• DIRECTIONS
Scan the data below and copy each line where "connectable" occurs.

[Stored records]
^^^^^^^^^^^^^^^^
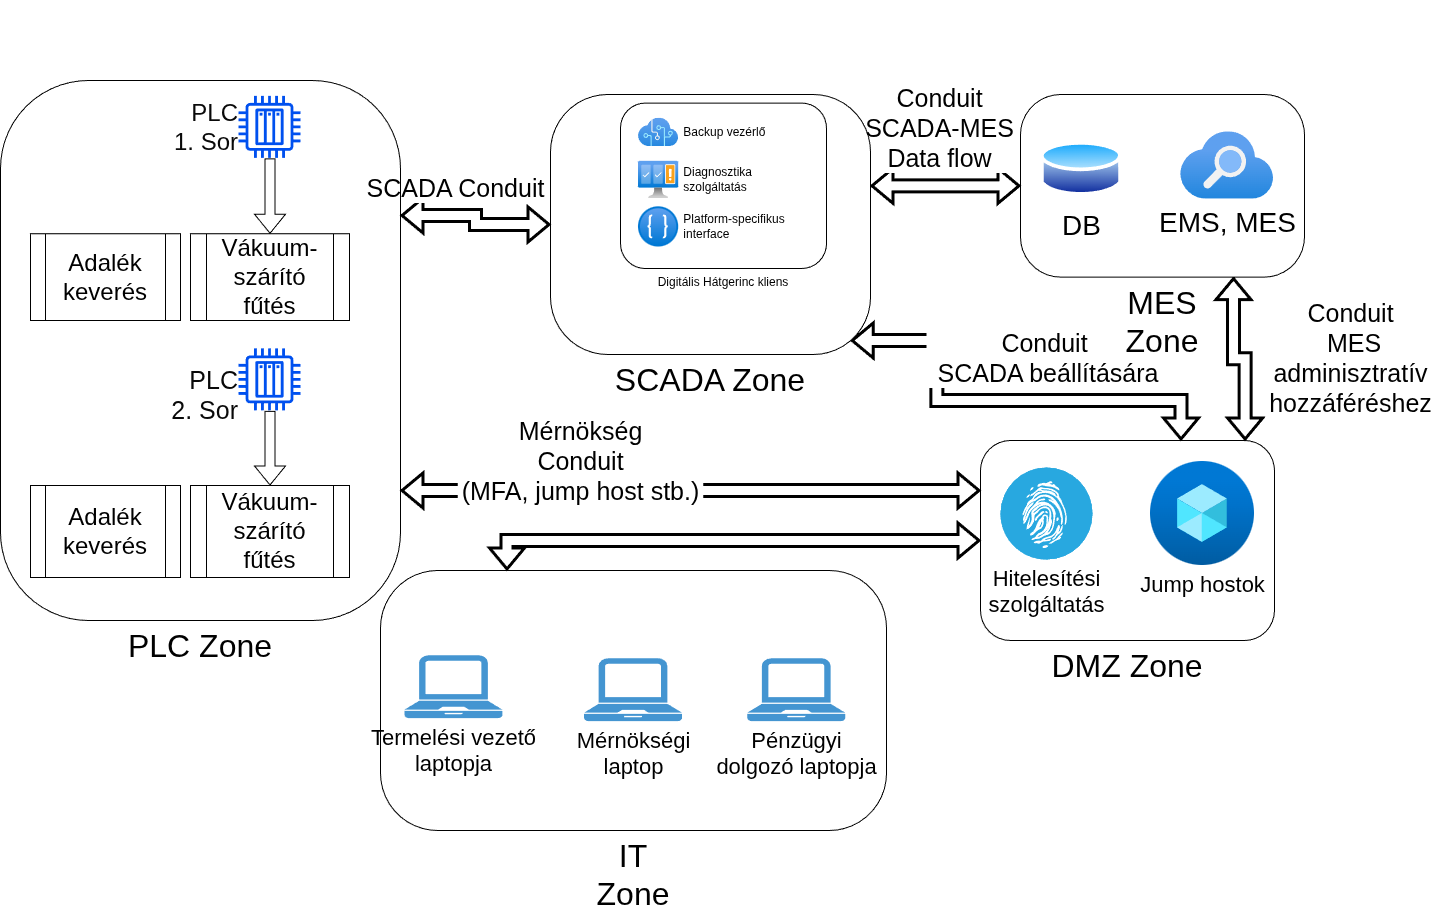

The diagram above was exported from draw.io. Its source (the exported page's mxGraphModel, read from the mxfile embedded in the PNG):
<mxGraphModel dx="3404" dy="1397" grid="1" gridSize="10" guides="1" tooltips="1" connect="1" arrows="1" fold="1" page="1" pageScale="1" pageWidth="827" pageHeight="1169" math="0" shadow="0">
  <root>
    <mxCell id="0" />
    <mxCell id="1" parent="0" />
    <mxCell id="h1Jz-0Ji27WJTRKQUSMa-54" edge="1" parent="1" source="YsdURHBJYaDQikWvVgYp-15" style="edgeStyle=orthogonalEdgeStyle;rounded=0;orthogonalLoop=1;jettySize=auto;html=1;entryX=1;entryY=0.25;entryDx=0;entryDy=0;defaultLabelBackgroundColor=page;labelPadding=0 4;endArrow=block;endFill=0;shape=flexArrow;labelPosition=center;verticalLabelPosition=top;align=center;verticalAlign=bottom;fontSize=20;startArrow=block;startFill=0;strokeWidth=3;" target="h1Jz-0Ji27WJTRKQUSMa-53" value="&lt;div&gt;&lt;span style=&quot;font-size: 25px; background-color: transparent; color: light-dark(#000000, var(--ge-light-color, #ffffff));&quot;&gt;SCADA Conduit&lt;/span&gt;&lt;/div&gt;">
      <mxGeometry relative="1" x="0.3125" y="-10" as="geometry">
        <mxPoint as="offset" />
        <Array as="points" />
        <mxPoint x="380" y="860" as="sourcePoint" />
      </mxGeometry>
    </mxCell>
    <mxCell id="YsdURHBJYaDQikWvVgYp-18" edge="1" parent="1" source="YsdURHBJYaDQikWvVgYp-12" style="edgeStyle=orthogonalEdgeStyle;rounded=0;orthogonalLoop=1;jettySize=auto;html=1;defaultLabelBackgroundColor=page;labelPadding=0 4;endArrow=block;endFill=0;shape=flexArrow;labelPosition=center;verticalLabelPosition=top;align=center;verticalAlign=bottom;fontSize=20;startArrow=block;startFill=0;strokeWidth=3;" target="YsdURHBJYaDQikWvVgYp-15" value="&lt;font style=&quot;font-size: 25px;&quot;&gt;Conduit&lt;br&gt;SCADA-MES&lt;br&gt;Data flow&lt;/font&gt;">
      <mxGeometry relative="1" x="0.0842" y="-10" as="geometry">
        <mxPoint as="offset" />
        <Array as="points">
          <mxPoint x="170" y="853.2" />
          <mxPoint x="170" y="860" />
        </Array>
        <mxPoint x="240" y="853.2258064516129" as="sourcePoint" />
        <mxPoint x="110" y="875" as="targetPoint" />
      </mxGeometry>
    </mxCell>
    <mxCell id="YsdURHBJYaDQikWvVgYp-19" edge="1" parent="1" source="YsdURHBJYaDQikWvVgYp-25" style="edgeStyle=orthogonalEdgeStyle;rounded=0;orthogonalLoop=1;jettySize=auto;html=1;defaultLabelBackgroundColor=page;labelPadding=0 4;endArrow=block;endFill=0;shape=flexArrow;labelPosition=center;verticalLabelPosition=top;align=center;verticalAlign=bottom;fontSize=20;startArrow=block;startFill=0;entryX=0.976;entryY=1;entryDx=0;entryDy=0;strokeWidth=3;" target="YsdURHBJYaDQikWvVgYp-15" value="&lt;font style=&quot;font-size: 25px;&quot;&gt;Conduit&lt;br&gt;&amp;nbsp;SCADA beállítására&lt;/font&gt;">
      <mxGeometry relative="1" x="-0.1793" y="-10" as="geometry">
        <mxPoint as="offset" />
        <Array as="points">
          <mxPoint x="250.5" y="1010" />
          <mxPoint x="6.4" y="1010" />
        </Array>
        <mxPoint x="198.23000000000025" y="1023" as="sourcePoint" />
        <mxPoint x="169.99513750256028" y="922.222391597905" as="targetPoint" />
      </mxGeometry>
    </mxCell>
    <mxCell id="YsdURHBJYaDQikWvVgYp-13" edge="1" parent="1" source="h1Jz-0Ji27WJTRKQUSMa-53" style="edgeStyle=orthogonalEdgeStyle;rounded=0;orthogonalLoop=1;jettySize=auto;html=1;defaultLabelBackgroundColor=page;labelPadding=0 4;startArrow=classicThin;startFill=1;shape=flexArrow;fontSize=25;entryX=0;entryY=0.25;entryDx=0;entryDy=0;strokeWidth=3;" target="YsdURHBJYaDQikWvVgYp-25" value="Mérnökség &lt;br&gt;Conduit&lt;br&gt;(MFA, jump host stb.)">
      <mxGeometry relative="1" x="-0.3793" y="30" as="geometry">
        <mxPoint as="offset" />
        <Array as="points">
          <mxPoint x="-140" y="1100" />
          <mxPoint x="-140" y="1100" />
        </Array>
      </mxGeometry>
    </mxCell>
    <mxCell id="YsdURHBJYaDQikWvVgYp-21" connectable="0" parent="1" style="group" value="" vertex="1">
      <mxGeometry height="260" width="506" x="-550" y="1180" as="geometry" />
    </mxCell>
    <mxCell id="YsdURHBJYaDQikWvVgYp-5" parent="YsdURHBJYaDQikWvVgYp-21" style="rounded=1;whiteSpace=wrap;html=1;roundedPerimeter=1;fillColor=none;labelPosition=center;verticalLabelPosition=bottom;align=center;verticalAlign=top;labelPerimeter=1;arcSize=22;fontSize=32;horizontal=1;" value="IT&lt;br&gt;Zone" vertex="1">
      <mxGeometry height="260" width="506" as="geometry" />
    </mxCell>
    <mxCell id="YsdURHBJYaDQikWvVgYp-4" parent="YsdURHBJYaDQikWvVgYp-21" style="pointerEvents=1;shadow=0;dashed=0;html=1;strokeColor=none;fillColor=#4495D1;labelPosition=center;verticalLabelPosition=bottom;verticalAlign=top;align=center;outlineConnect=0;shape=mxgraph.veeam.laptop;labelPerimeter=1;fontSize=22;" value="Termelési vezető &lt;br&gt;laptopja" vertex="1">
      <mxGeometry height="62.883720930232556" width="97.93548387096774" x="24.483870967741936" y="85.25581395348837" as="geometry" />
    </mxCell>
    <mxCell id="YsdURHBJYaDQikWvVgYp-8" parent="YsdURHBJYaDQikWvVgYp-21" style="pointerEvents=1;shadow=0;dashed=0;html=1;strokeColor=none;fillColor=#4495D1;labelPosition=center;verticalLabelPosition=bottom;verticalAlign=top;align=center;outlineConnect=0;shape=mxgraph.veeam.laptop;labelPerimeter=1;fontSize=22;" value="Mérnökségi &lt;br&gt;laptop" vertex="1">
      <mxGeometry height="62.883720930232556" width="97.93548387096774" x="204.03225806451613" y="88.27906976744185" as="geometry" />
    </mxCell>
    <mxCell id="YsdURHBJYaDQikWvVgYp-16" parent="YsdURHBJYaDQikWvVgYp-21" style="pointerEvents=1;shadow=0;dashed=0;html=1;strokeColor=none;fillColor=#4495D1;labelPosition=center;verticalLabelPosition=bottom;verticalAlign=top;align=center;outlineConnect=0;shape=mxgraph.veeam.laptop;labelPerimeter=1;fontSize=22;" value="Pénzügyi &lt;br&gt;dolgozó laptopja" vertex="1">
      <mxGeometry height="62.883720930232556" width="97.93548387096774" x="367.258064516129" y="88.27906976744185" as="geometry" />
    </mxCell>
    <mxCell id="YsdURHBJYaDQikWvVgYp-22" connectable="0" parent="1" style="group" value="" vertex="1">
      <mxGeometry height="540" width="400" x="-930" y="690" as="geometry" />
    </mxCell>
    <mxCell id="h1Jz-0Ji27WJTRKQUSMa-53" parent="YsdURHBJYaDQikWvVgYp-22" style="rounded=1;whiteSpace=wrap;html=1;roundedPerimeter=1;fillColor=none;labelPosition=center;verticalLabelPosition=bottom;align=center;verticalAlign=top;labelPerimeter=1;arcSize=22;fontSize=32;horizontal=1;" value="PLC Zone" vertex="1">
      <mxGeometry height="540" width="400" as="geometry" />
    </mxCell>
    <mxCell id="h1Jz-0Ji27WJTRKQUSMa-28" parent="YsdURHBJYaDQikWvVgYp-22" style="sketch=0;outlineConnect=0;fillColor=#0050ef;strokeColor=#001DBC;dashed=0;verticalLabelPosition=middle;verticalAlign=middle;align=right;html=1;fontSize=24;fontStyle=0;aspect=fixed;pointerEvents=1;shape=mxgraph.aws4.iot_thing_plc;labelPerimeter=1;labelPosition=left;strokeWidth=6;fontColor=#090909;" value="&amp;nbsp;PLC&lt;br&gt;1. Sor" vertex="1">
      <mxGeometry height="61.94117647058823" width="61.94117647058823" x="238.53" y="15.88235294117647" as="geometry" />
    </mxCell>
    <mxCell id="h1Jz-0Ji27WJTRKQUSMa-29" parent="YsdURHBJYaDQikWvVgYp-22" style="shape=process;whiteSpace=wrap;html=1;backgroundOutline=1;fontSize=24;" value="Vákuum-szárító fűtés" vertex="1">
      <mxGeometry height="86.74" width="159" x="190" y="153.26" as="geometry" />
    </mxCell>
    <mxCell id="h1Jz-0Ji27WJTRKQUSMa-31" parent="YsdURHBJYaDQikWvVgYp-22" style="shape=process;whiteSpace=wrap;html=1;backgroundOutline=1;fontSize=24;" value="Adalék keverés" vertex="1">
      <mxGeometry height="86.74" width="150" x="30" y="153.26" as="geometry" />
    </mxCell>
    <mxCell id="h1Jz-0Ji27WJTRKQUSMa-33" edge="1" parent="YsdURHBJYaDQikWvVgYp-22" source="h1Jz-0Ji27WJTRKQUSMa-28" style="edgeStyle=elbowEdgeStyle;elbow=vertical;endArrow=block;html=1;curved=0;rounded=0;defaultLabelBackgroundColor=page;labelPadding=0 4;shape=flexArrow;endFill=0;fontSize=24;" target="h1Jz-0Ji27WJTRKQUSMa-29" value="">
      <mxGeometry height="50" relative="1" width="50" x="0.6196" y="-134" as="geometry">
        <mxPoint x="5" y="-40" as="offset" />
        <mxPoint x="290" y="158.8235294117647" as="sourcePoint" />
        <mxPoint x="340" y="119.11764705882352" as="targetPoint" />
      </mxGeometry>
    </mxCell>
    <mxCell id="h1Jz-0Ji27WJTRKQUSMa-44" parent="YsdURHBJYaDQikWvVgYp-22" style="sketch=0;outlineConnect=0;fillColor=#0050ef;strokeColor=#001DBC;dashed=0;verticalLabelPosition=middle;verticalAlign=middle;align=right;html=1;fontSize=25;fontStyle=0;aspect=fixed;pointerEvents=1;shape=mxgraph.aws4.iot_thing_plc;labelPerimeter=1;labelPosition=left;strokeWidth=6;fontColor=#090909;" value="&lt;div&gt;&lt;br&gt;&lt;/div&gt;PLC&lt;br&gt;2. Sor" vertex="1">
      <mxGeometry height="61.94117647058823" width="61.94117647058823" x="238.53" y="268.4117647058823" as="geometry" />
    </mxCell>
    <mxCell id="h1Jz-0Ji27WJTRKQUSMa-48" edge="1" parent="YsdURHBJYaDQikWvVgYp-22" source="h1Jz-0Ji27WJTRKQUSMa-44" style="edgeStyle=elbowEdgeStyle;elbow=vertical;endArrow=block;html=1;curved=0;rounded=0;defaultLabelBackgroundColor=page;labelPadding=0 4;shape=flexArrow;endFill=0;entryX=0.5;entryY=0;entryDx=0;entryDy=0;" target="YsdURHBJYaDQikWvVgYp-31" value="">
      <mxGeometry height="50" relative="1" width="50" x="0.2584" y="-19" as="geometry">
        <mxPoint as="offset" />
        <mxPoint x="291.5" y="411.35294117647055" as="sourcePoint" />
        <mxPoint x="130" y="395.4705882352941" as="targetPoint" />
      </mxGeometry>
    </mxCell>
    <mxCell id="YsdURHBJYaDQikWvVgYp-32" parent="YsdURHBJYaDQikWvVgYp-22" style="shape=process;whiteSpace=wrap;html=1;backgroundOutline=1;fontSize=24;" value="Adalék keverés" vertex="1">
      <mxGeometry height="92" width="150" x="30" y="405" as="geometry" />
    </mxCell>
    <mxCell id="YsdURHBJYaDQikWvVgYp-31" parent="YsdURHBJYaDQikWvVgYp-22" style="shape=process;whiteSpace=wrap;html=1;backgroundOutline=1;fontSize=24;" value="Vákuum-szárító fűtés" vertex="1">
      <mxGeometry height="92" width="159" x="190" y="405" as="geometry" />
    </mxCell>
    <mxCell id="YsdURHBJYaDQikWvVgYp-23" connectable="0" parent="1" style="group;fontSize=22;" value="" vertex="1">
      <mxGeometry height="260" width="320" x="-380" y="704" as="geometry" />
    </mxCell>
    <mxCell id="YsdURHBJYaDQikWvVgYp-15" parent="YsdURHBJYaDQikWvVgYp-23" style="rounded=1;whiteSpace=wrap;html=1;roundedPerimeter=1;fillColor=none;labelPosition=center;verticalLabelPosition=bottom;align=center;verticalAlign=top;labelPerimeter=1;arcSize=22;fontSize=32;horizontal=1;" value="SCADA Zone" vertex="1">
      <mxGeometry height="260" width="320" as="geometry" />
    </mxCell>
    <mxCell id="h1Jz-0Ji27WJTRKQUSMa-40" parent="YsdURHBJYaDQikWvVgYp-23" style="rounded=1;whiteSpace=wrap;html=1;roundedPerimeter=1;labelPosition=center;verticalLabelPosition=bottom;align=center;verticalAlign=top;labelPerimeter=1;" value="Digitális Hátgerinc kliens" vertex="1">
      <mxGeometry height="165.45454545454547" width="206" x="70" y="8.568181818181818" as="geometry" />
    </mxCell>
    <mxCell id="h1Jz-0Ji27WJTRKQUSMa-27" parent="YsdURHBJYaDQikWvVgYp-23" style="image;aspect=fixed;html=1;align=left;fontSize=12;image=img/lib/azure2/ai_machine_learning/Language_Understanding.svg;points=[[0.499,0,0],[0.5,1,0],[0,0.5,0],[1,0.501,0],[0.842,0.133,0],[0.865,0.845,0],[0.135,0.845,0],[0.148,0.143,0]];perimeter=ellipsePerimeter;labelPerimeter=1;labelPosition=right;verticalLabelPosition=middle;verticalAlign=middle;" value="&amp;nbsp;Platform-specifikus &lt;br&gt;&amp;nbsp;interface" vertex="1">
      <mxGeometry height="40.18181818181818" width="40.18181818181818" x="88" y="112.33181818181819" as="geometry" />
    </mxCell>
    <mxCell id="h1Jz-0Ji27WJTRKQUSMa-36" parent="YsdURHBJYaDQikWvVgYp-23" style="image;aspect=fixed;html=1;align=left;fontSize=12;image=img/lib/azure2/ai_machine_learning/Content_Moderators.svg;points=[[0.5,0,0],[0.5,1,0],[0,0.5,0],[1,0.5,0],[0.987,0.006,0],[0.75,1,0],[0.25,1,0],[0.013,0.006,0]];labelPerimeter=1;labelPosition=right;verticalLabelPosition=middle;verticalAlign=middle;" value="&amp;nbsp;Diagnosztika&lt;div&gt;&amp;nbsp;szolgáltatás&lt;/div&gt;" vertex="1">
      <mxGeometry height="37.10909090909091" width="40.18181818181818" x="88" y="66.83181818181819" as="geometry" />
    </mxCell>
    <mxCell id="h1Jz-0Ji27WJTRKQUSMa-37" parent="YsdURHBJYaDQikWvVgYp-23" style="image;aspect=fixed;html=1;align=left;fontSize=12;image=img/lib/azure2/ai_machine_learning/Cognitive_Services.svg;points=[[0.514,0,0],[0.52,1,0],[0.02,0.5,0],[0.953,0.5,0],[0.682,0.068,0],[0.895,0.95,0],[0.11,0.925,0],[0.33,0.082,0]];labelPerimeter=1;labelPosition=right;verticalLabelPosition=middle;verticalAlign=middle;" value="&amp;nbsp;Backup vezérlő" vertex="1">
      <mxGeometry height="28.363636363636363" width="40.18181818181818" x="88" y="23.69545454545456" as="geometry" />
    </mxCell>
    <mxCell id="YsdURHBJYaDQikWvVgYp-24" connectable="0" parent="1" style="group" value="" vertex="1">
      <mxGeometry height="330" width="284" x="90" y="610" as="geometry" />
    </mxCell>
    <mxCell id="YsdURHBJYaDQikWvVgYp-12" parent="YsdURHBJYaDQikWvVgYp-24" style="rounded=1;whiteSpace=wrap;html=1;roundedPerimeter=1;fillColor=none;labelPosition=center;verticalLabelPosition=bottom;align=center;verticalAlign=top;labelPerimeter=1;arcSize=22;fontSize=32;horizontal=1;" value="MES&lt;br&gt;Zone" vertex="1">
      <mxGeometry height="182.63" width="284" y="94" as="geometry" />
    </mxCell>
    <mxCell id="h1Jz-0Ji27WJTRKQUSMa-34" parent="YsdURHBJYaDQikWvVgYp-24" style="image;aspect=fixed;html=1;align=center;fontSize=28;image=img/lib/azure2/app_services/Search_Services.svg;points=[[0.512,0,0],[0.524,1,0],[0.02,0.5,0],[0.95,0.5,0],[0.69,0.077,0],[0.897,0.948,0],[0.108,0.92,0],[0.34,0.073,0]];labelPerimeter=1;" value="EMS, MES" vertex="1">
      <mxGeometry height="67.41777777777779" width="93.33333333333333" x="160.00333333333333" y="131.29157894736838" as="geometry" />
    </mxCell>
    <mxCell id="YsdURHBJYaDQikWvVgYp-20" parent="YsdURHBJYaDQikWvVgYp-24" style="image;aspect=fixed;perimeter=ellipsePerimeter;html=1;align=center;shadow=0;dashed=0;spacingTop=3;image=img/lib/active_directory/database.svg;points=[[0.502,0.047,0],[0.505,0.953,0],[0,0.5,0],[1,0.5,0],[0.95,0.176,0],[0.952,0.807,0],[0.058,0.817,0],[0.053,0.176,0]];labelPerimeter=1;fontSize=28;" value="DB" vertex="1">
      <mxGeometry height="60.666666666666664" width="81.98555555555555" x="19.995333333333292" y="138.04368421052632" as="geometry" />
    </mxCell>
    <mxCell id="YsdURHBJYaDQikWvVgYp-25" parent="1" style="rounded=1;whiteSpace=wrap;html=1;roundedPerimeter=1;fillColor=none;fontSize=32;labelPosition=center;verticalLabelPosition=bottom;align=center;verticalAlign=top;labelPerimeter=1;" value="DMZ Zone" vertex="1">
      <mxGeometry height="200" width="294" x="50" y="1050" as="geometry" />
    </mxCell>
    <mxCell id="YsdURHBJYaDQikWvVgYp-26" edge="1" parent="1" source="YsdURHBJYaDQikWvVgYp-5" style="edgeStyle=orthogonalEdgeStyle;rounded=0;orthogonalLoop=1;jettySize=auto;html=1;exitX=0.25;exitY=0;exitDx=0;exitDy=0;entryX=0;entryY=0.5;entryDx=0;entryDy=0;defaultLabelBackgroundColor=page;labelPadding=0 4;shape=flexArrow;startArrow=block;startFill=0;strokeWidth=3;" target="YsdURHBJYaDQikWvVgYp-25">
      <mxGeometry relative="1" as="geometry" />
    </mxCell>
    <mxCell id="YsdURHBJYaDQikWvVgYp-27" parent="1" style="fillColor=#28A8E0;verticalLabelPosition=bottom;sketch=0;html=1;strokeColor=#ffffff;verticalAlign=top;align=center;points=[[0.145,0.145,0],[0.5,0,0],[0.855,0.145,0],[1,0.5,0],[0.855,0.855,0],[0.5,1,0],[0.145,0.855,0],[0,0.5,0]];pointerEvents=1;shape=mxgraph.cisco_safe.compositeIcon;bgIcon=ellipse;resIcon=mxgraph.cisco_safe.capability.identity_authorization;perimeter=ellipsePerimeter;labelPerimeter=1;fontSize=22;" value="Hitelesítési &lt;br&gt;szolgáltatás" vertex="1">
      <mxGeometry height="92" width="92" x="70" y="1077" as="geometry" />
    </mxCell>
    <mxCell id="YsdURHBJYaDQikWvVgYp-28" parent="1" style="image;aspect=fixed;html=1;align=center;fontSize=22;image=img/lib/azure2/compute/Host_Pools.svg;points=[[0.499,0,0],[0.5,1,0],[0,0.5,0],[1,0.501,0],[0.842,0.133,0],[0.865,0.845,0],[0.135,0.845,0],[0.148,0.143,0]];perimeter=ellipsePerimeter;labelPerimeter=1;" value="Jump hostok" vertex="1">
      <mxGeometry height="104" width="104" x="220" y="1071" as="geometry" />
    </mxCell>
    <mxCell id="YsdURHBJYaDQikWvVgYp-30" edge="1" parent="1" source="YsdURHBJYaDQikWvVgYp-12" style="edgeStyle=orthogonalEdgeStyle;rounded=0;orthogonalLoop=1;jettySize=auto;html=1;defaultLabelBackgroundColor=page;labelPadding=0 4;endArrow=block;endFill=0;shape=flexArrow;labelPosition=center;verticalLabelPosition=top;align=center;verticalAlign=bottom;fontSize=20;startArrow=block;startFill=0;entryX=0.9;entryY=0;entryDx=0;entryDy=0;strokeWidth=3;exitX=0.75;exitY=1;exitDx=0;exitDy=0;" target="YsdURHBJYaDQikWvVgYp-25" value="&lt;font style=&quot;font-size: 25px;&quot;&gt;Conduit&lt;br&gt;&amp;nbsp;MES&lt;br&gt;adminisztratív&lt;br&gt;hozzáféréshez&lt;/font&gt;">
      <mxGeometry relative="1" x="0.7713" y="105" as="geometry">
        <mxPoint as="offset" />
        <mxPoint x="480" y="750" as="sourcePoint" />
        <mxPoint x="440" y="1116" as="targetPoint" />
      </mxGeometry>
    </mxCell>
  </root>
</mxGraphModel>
^^^^^^^^^^^^^^^^
• ANSWER SECTION
    <mxCell id="YsdURHBJYaDQikWvVgYp-21" connectable="0" parent="1" style="group" value="" vertex="1">
    <mxCell id="YsdURHBJYaDQikWvVgYp-22" connectable="0" parent="1" style="group" value="" vertex="1">
    <mxCell id="YsdURHBJYaDQikWvVgYp-23" connectable="0" parent="1" style="group;fontSize=22;" value="" vertex="1">
    <mxCell id="YsdURHBJYaDQikWvVgYp-24" connectable="0" parent="1" style="group" value="" vertex="1">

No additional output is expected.